Determining the construction and effect of an employment contract is a question of law.  Turner v. Alpha Phi Sorority House, 276 N.W.2d 63, 66 (Minn. 1979).  If an employment agreement is for an indefinite term, the employment is at will, and an employer may summarily dismiss the employee for any reason or no reason.  Pine River State Bank v. Mettille, 333 N.W.2d 622, 627 (Minn. 1983).  However, Chalupsky was not an at-will employee, since his employment agreement provides for either (1) discharge for any reason, with 30 days notice or pay or (2) immediate discharge for cause.  See Cedarstrand v. Lutheran Bhd., 263 Minn. 520, 532-33, N.W.2d 213, 221, (1962) (noting that at-will employment may be modified by employment contract providing employee’s discharge for cause).  Disobedience of a reasonable order justifies an employer’s rescission of the employment agreement and discharge of the employee.  Von Heyne v. Tompkins, 89 Minn. 77, 81, 93 N.W. 901, 903 (1903).  In such a case, the actual motive of an employer is immaterial if any legal ground exists for the discharge.  Id. at 82-83, 93 N.W. at 903-04.

Chalupsky first argues that the district court erred by placing little credence in his claim that he sent the accounting business plan to his brother in an attempt to honor his undisputed contractual obligation to “recruit and hire managerial and other key employees.”  He contends that his disclosure of the accounting business plan was “reasonably necessary or appropriate in connection with the performance * * * of [his] duties.”  Chalupsky’s contention is not supported by the record.  The record indicates that the company has never disclosed the accounting business plan to a prospective employee. Further, there is no evidence that Mathew had applied for, or was even seriously considering, a position with Pro Staff.  Finally, the record contains no evidence that Mathew signed a confidentiality statement.  In light of this, it appears that the district court was accurate when it described this argument as unreasonable and “dubious.”  Therefore, Chalupsky’s disclosure of the confidential information was neither “reasonably necessary” nor “appropriate” in fulfilling his duties under the employment agreement.  Since there are instances where disclosure is reasonably necessary, the confidentiality clause is not rendered meaningless by the holding of this case.

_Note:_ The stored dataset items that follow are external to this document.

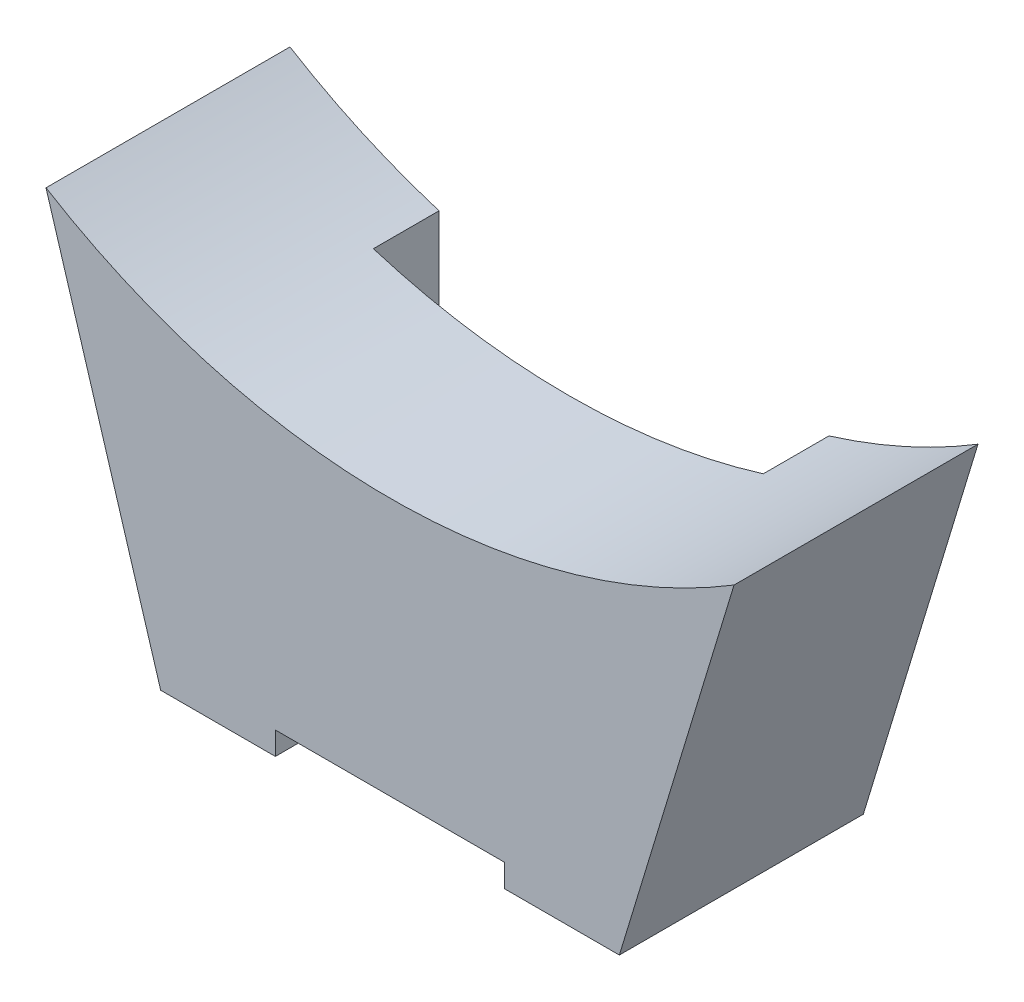
ISO-10303-21;
HEADER;
FILE_DESCRIPTION(('STEP AP214'),'2;1');
FILE_NAME('part.step','',(''),(''),'','','');
FILE_SCHEMA(('AUTOMOTIVE_DESIGN { 1 0 10303 214 1 1 1 1 }'));
ENDSEC;
DATA;
#1=APPLICATION_CONTEXT('core data for automotive mechanical design processes');
#2=APPLICATION_PROTOCOL_DEFINITION('international standard','automotive_design',2000,#1);
#3=PRODUCT_CONTEXT('',#1,'mechanical');
#4=PRODUCT('Part','Part','',(#3));
#5=PRODUCT_RELATED_PRODUCT_CATEGORY('part','',(#4));
#6=PRODUCT_DEFINITION_FORMATION('','',#4);
#7=PRODUCT_DEFINITION_CONTEXT('part definition',#1,'design');
#8=PRODUCT_DEFINITION('design','',#6,#7);
#9=PRODUCT_DEFINITION_SHAPE('','',#8);
#10=(LENGTH_UNIT() NAMED_UNIT(*) SI_UNIT(.MILLI.,.METRE.));
#11=(NAMED_UNIT(*) PLANE_ANGLE_UNIT() SI_UNIT($,.RADIAN.));
#12=(NAMED_UNIT(*) SI_UNIT($,.STERADIAN.) SOLID_ANGLE_UNIT());
#13=UNCERTAINTY_MEASURE_WITH_UNIT(LENGTH_MEASURE(1.E-05),#10,'distance_accuracy_value','');
#14=(GEOMETRIC_REPRESENTATION_CONTEXT(3) GLOBAL_UNCERTAINTY_ASSIGNED_CONTEXT((#13)) GLOBAL_UNIT_ASSIGNED_CONTEXT((#10,
#11,#12)) REPRESENTATION_CONTEXT('',''));
#15=CARTESIAN_POINT('',(0.,0.,0.));
#16=DIRECTION('',(0.,0.,1.));
#17=DIRECTION('',(1.,0.,0.));
#18=AXIS2_PLACEMENT_3D('',#15,#16,#17);
#19=CARTESIAN_POINT('',(0.,0.,0.));
#20=DIRECTION('',(0.,0.,-1.));
#21=DIRECTION('',(-1.,0.,0.));
#22=AXIS2_PLACEMENT_3D('',#19,#20,#21);
#23=PLANE('',#22);
#24=DIRECTION('',(0.,-1.,0.));
#25=VECTOR('',#24,1.);
#26=CARTESIAN_POINT('',(17.,-60.,0.));
#27=LINE('',#26,#25);
#28=CARTESIAN_POINT('',(17.,-54.9295002708017,0.));
#29=VERTEX_POINT('',#28);
#30=CARTESIAN_POINT('',(17.,-71.5,0.));
#31=VERTEX_POINT('',#30);
#32=EDGE_CURVE('E377',#29,#31,#27,.T.);
#33=ORIENTED_EDGE('',*,*,#32,.F.);
#34=CARTESIAN_POINT('',(0.,0.,0.));
#35=DIRECTION('',(0.,0.,-1.));
#36=DIRECTION('',(-1.,0.,0.));
#37=AXIS2_PLACEMENT_3D('',#34,#35,#36);
#38=CIRCLE('',#37,57.5);
#39=CARTESIAN_POINT('',(30.,-49.0535421758715,0.));
#40=VERTEX_POINT('',#39);
#41=EDGE_CURVE('E400',#40,#29,#38,.T.);
#42=ORIENTED_EDGE('',*,*,#41,.F.);
#43=DIRECTION('',(0.290438967331062,0.956893518765629,0.));
#44=VECTOR('',#43,1.);
#45=CARTESIAN_POINT('',(20.,-82.,0.));
#46=LINE('',#45,#44);
#47=CARTESIAN_POINT('',(20.,-82.,0.));
#48=VERTEX_POINT('',#47);
#49=EDGE_CURVE('E414',#48,#40,#46,.T.);
#50=ORIENTED_EDGE('',*,*,#49,.F.);
#51=DIRECTION('',(1.,0.,0.));
#52=VECTOR('',#51,1.);
#53=CARTESIAN_POINT('',(18.,-82.,0.));
#54=LINE('',#53,#52);
#55=CARTESIAN_POINT('',(18.,-82.,0.));
#56=VERTEX_POINT('',#55);
#57=EDGE_CURVE('E409',#56,#48,#54,.T.);
#58=ORIENTED_EDGE('',*,*,#57,.F.);
#59=DIRECTION('',(0.,-1.,0.));
#60=VECTOR('',#59,1.);
#61=CARTESIAN_POINT('',(18.,-60.,0.));
#62=LINE('',#61,#60);
#63=CARTESIAN_POINT('',(18.,-80.,0.));
#64=VERTEX_POINT('',#63);
#65=EDGE_CURVE('E410',#64,#56,#62,.T.);
#66=ORIENTED_EDGE('',*,*,#65,.F.);
#67=DIRECTION('',(1.,0.,0.));
#68=VECTOR('',#67,1.);
#69=CARTESIAN_POINT('',(15.6,-80.,0.));
#70=LINE('',#69,#68);
#71=CARTESIAN_POINT('',(15.6,-80.,0.));
#72=VERTEX_POINT('',#71);
#73=EDGE_CURVE('E285',#72,#64,#70,.T.);
#74=ORIENTED_EDGE('',*,*,#73,.F.);
#75=DIRECTION('',(0.,-1.,0.));
#76=VECTOR('',#75,1.);
#77=CARTESIAN_POINT('',(15.6,-76.5,0.));
#78=LINE('',#77,#76);
#79=CARTESIAN_POINT('',(15.6,-71.5,0.));
#80=VERTEX_POINT('',#79);
#81=EDGE_CURVE('E287',#80,#72,#78,.T.);
#82=ORIENTED_EDGE('',*,*,#81,.F.);
#83=DIRECTION('',(1.,0.,0.));
#84=VECTOR('',#83,1.);
#85=CARTESIAN_POINT('',(-17.,-71.5,0.));
#86=LINE('',#85,#84);
#87=EDGE_CURVE('E389',#80,#31,#86,.T.);
#88=ORIENTED_EDGE('',*,*,#87,.T.);
#89=EDGE_LOOP('',(#33,#42,#50,#58,#66,#74,#82,#88));
#90=FACE_BOUND('',#89,.T.);
#91=ADVANCED_FACE('F32',(#90),#23,.T.);
#92=CARTESIAN_POINT('',(8.8,-76.5,62.9963595499958));
#93=DIRECTION('',(0.,1.,0.));
#94=DIRECTION('',(0.,0.,1.));
#95=AXIS2_PLACEMENT_3D('',#92,#93,#94);
#96=PLANE('',#95);
#97=DIRECTION('',(1.,0.,0.));
#98=VECTOR('',#97,1.);
#99=CARTESIAN_POINT('',(-15.6,-76.5,7.77499999999998));
#100=LINE('',#99,#98);
#101=CARTESIAN_POINT('',(8.8,-76.5,7.77499999999998));
#102=VERTEX_POINT('',#101);
#103=CARTESIAN_POINT('',(15.6,-76.5,7.77499999999998));
#104=VERTEX_POINT('',#103);
#105=EDGE_CURVE('E372',#102,#104,#100,.T.);
#106=ORIENTED_EDGE('',*,*,#105,.T.);
#107=DIRECTION('',(0.,0.,-1.));
#108=VECTOR('',#107,1.);
#109=CARTESIAN_POINT('',(15.6,-76.5,62.9963595499958));
#110=LINE('',#109,#108);
#111=CARTESIAN_POINT('',(15.6,-76.5,18.275));
#112=VERTEX_POINT('',#111);
#113=EDGE_CURVE('E272',#112,#104,#110,.T.);
#114=ORIENTED_EDGE('',*,*,#113,.F.);
#115=DIRECTION('',(-1.,0.,0.));
#116=VECTOR('',#115,1.);
#117=CARTESIAN_POINT('',(8.8,-76.5,18.275));
#118=LINE('',#117,#116);
#119=CARTESIAN_POINT('',(8.8,-76.5,18.275));
#120=VERTEX_POINT('',#119);
#121=EDGE_CURVE('E309',#112,#120,#118,.T.);
#122=ORIENTED_EDGE('',*,*,#121,.T.);
#123=DIRECTION('',(0.,0.,-1.));
#124=VECTOR('',#123,1.);
#125=CARTESIAN_POINT('',(8.8,-76.5,62.9963595499958));
#126=LINE('',#125,#124);
#127=EDGE_CURVE('E269',#120,#102,#126,.T.);
#128=ORIENTED_EDGE('',*,*,#127,.T.);
#129=EDGE_LOOP('',(#106,#114,#122,#128));
#130=FACE_BOUND('',#129,.T.);
#131=ADVANCED_FACE('F536',(#130),#96,.F.);
#132=CARTESIAN_POINT('',(8.79999999999999,-71.5,62.9963595499958));
#133=DIRECTION('',(1.,0.,0.));
#134=DIRECTION('',(0.,1.,0.));
#135=AXIS2_PLACEMENT_3D('',#132,#133,#134);
#136=PLANE('',#135);
#137=DIRECTION('',(0.,1.,0.));
#138=VECTOR('',#137,1.);
#139=CARTESIAN_POINT('',(8.79999999999999,-71.5,7.77499999999998));
#140=LINE('',#139,#138);
#141=CARTESIAN_POINT('',(8.79999999999999,-71.5,7.77499999999998));
#142=VERTEX_POINT('',#141);
#143=EDGE_CURVE('E350',#102,#142,#140,.T.);
#144=ORIENTED_EDGE('',*,*,#143,.F.);
#145=ORIENTED_EDGE('',*,*,#127,.F.);
#146=DIRECTION('',(0.,1.,0.));
#147=VECTOR('',#146,1.);
#148=CARTESIAN_POINT('',(8.79999999999999,-71.5,18.275));
#149=LINE('',#148,#147);
#150=CARTESIAN_POINT('',(8.79999999999999,-71.5,18.275));
#151=VERTEX_POINT('',#150);
#152=EDGE_CURVE('E306',#120,#151,#149,.T.);
#153=ORIENTED_EDGE('',*,*,#152,.T.);
#154=DIRECTION('',(0.,0.,-1.));
#155=VECTOR('',#154,1.);
#156=CARTESIAN_POINT('',(8.79999999999999,-71.5,62.9963595499958));
#157=LINE('',#156,#155);
#158=EDGE_CURVE('E266',#151,#142,#157,.T.);
#159=ORIENTED_EDGE('',*,*,#158,.T.);
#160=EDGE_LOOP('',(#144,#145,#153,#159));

Chalupsky next argues that the district court violated the general principle prohibiting a clause from being so strictly construed as to lead to a harsh and absurd result.  See Am. Warehousing & Distrib., Inc. v. Michael Ede Mgmt., Inc., 414 N.W.2d 554, 557 (Minn. App. 1987), review dismissed (Minn. Jan. 20, 1988).  He contends that if the exception allowing Chalupsky to disclose the confidential information where “reasonably necessary and appropriate” does not apply to the facts of this case, then the exception is rendered meaningless.  See Ind. Sch. Dist. No. 887 v. Loberg Plumbing & Heating Co., 266 Minn. 426, 436, 123 N.W.2d 793, 799-800 (1963) (holding that any interpretation rendering a provision meaningless should be avoided).  Pro Staff has indicated several circumstances in which disclosure of confidential information to persons outside of the company would be considered to be reasonably necessary, including disclosures to accountants, lawyers, and other persons who have signed written confidentiality or nondisclosure agreements.  The record reveals no other instance where Pro Staff disclosed such confidential information to a prospective employee.  Further, the accounting business plan itself states that the recipients may not disclose the document to anyone outside of the company without written authorization from upper management. Chalupsky did not receive any such authorization.   

Because there are no genuine issues of material fact, and because, as a matter of law, Chalupsky’s disclosure of confidential information to a third party was not “necessary or appropriate” in the performance of his duties, the district court did not err in granting summary judgment.